Thar registered that something was wrong but it did not matter. His fingers touched the stone.

It was cold. Colder than the ice under his feet. Colder than the thin air atop Sky Mountain. Colder than the dark abyss below where the black stone sank so far it had no end. It was so cold that Thar felt a shiver run up his spine and stretch his shoulders back before forcing them to hunch in. His bones shook, his teeth clattered, his head was pounding, and all of it was because it was so cold that he could not even breathe. His lungs froze on an inhale and there was no air to escape. The black stone filled his vision and each crevice in its markings disappeared, turned into a dot in the darkness.

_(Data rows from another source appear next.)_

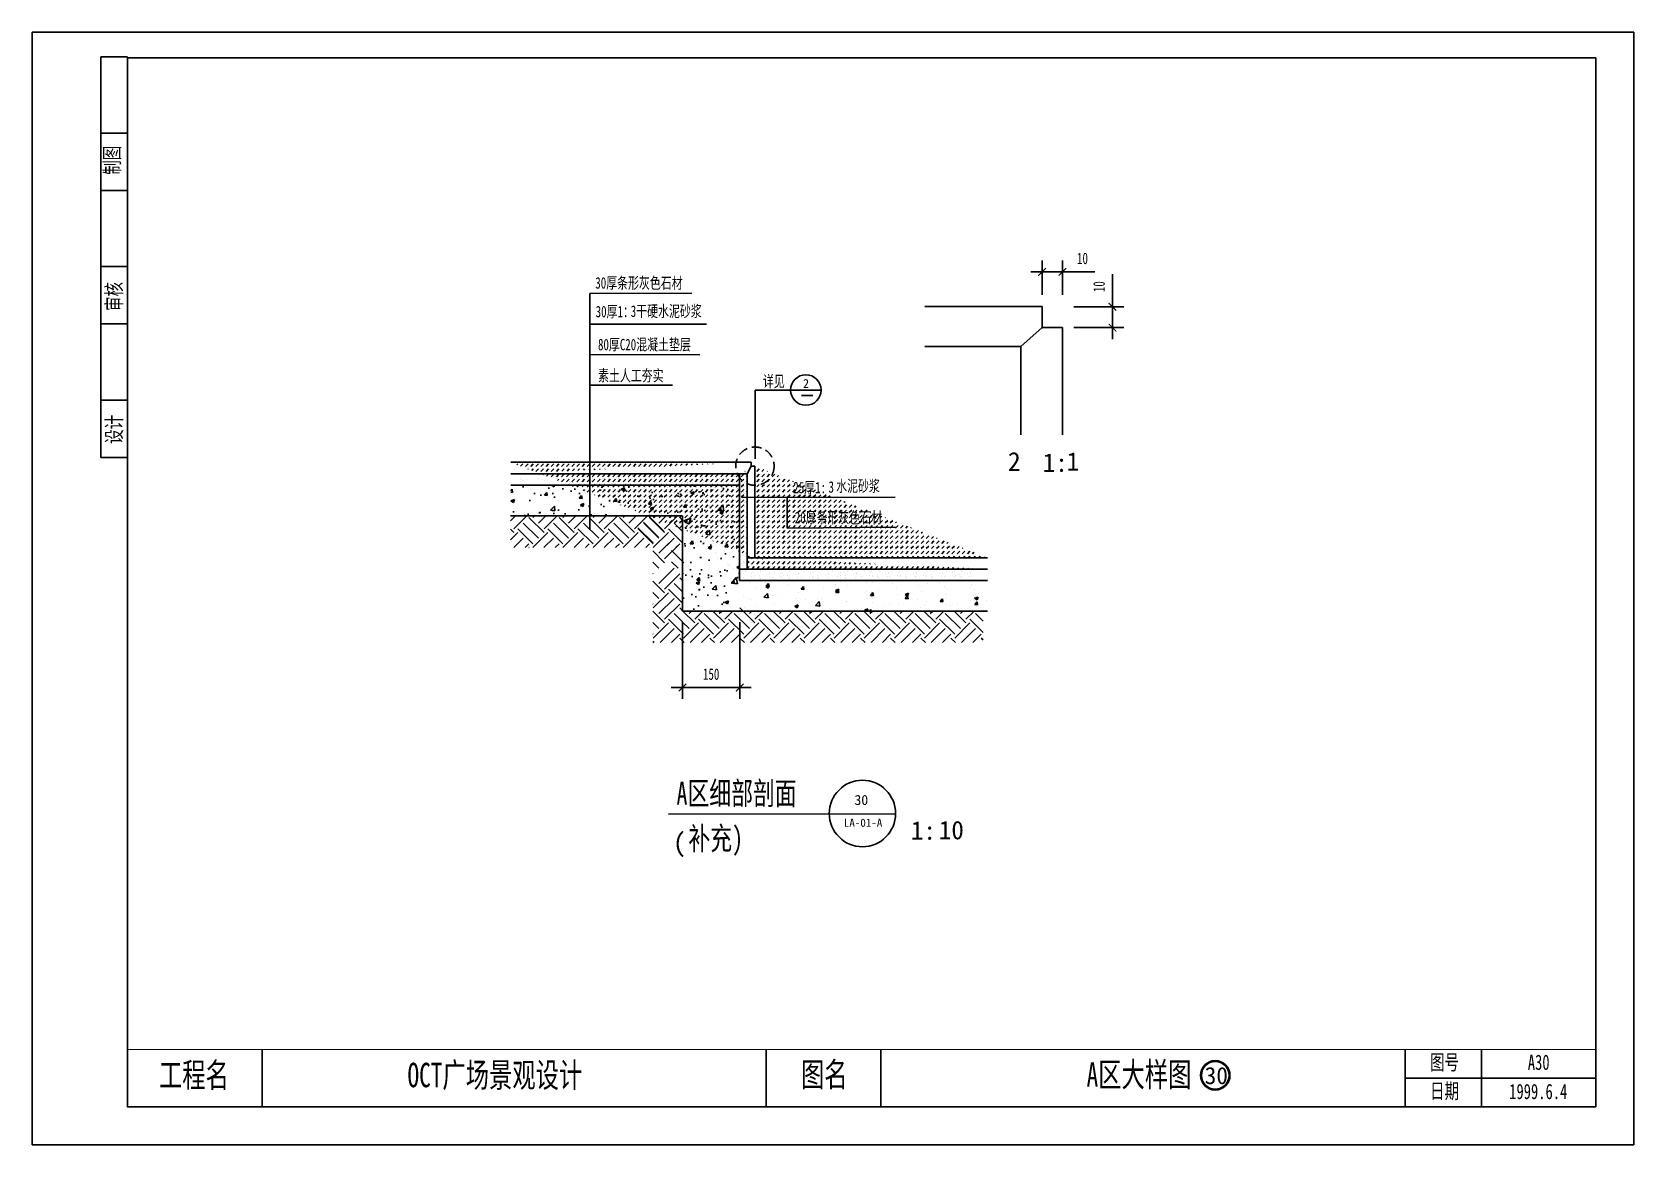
# Model space of a CAD drawing. Extents: x -1819 to 2381, y 925 to 3843.
import ezdxf

# ---------------------------------------------------------------- set-up
doc = ezdxf.new("R2010")
doc.units = 0
doc.linetypes.add('DASHEDX2', pattern=[38.1, 25.4, -12.7])
doc.layers.get('0').update_dxf_attribs({"linetype": 'CONTINUOUS'})
doc.layers.get('DEFPOINTS').update_dxf_attribs({"linetype": 'CONTINUOUS'})
for name, color, linetype in [('HATCH', 150, 'CONTINUOUS'), ('LEVEL', 50, 'CONTINUOUS'), ('STAIR', 140, 'CONTINUOUS'), ('TEXT', 41, 'CONTINUOUS'), ('TK', 1, 'CONTINUOUS')]:
    doc.layers.add(name, color=color, linetype=linetype)
doc.styles.add('HZ', font='simplex.shx', dxfattribs={"width": 0.7, "bigfont": 'hztxt.shx'})
doc.styles.get("Standard").update_dxf_attribs({"font": 'simsun.ttf'})
doc.styles.add('STYLE1', font='simsun.ttf', dxfattribs={"width": 0.7})
doc.styles.add('XREF1$0$STYLE3', font='simsun.ttf', dxfattribs={"width": 0.7})
doc.dimstyles.new('STANDARD-1', dxfattribs={"dimscale": 0, "dimtxt": 450, "dimasz": 300, "dimexe": 300, "dimexo": 300, "dimgap": 200, "dimtad": 1, "dimdec": 0, "dimzin": 0, "dimtxsty": 'HZ', "dimcen": 300, "dimdle": 300, "dimclrd": 40, "dimclre": 40, "dimclrt": 41, "dimazin": 3, "dimtfac": 1, "dimtdec": 0, "dimtofl": 0, "dimtmove": 0, "dimatfit": 3, "dimtvp": 1.5, "dimtolj": 1, "dimtzin": 0})
pattern_1 = [(50, (-714.22, 2461.295), (91.092, -7.9695), [9.525, -104.775]), (355, (-714.22, 2461.295), (-17.621, 95.528), [7.62, -83.82]), (100.451, (-706.63, 2460.63), (73.471, 87.558), [8.095, -89.045]), (46.184, (-714.22, 2486.7), (135.54, -21.021), [14.287, -157.162]), (96.636, (-702.92, 2484.94), (118.702, 123.713), [12.143, -133.567]), (351.184, (-714.22, 2486.7), (118.702, 123.713), [11.43, -125.73]), (21, (-701.52, 2480.345), (75.8074, -51.133), [9.525, -104.775]), (326, (-701.52, 2480.345), (30.901, 92.094), [7.62, -83.82]), (71.451, (-695.2, 2476.08), (106.708, 40.961), [8.095, -89.045]), (37.5, (-714.22, 2461.295), (1.5443, 42.2775), [0, -82.804, 0, -85.09, 0, -84.1375]), (7.5, (-714.22, 2461.295), (33.4098, 50.0903), [0, -48.514, 0, -80.899, 0, -32.0675]), (327.5, (-742.54, 2461.295), (67.7953, -2.8644), [0, -31.75, 0, -99.06, 0, -131.445]), (317.5, (-755.24, 2461.295), (74.0646, 12.7132), [0, -41.275, 0, -65.786, 0, -93.345])]

# ---------------------------------------------------------------- blocks, each defined once
blk = doc.blocks.new('_ARCHTICK')
at = {"color": 0, "linetype": 'BYBLOCK', "const_width": 0.15}
blk.add_lwpolyline([(-0.5, -0.5), (0.5, 0.5)], dxfattribs=at)
blk = doc.blocks.new('*D0')
at = {"color": 40, "linetype": 'BYBLOCK'}
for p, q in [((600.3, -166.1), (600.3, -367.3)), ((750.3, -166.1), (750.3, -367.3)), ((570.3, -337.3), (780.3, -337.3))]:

He knew this darkness. He knew this black. Those dots should not have existed. Not out here where it was so cold that nothing, nothing at all, could survive. Not where the cold killed without a thought and extinguished even the largest of stars eventually.

There it is.

It was not a voice. It was a scent that made no sense because it was too many things at once. It was white freckles on black skin and lavender spirals that faded to greens and blues. It was a black void that needed to be filled with swirling galaxies and—

Thar opened his eyes to look at a stone pillar in the middle of a field of white snow and surrounded by a short wall of ice. His hand was held in a tight grasp and when he looked down it was to see tan fingers, a silver bracer, and black, black, black studded with white snowflakes. When he looked up though, he saw blue. A dark blue that was so comforting that it was frightening.

“What the fuck just happened?!” D’Argen practically yelled in his face.

Thar thought that was a very good question as he looked around him for Lilian. They were not there. There were no footsteps in the snow other than Thar’s own and the skid mark D’Argen must have made when he stopped his run and pulled Thar away from the pillar.

What the fuck just happened, indeed.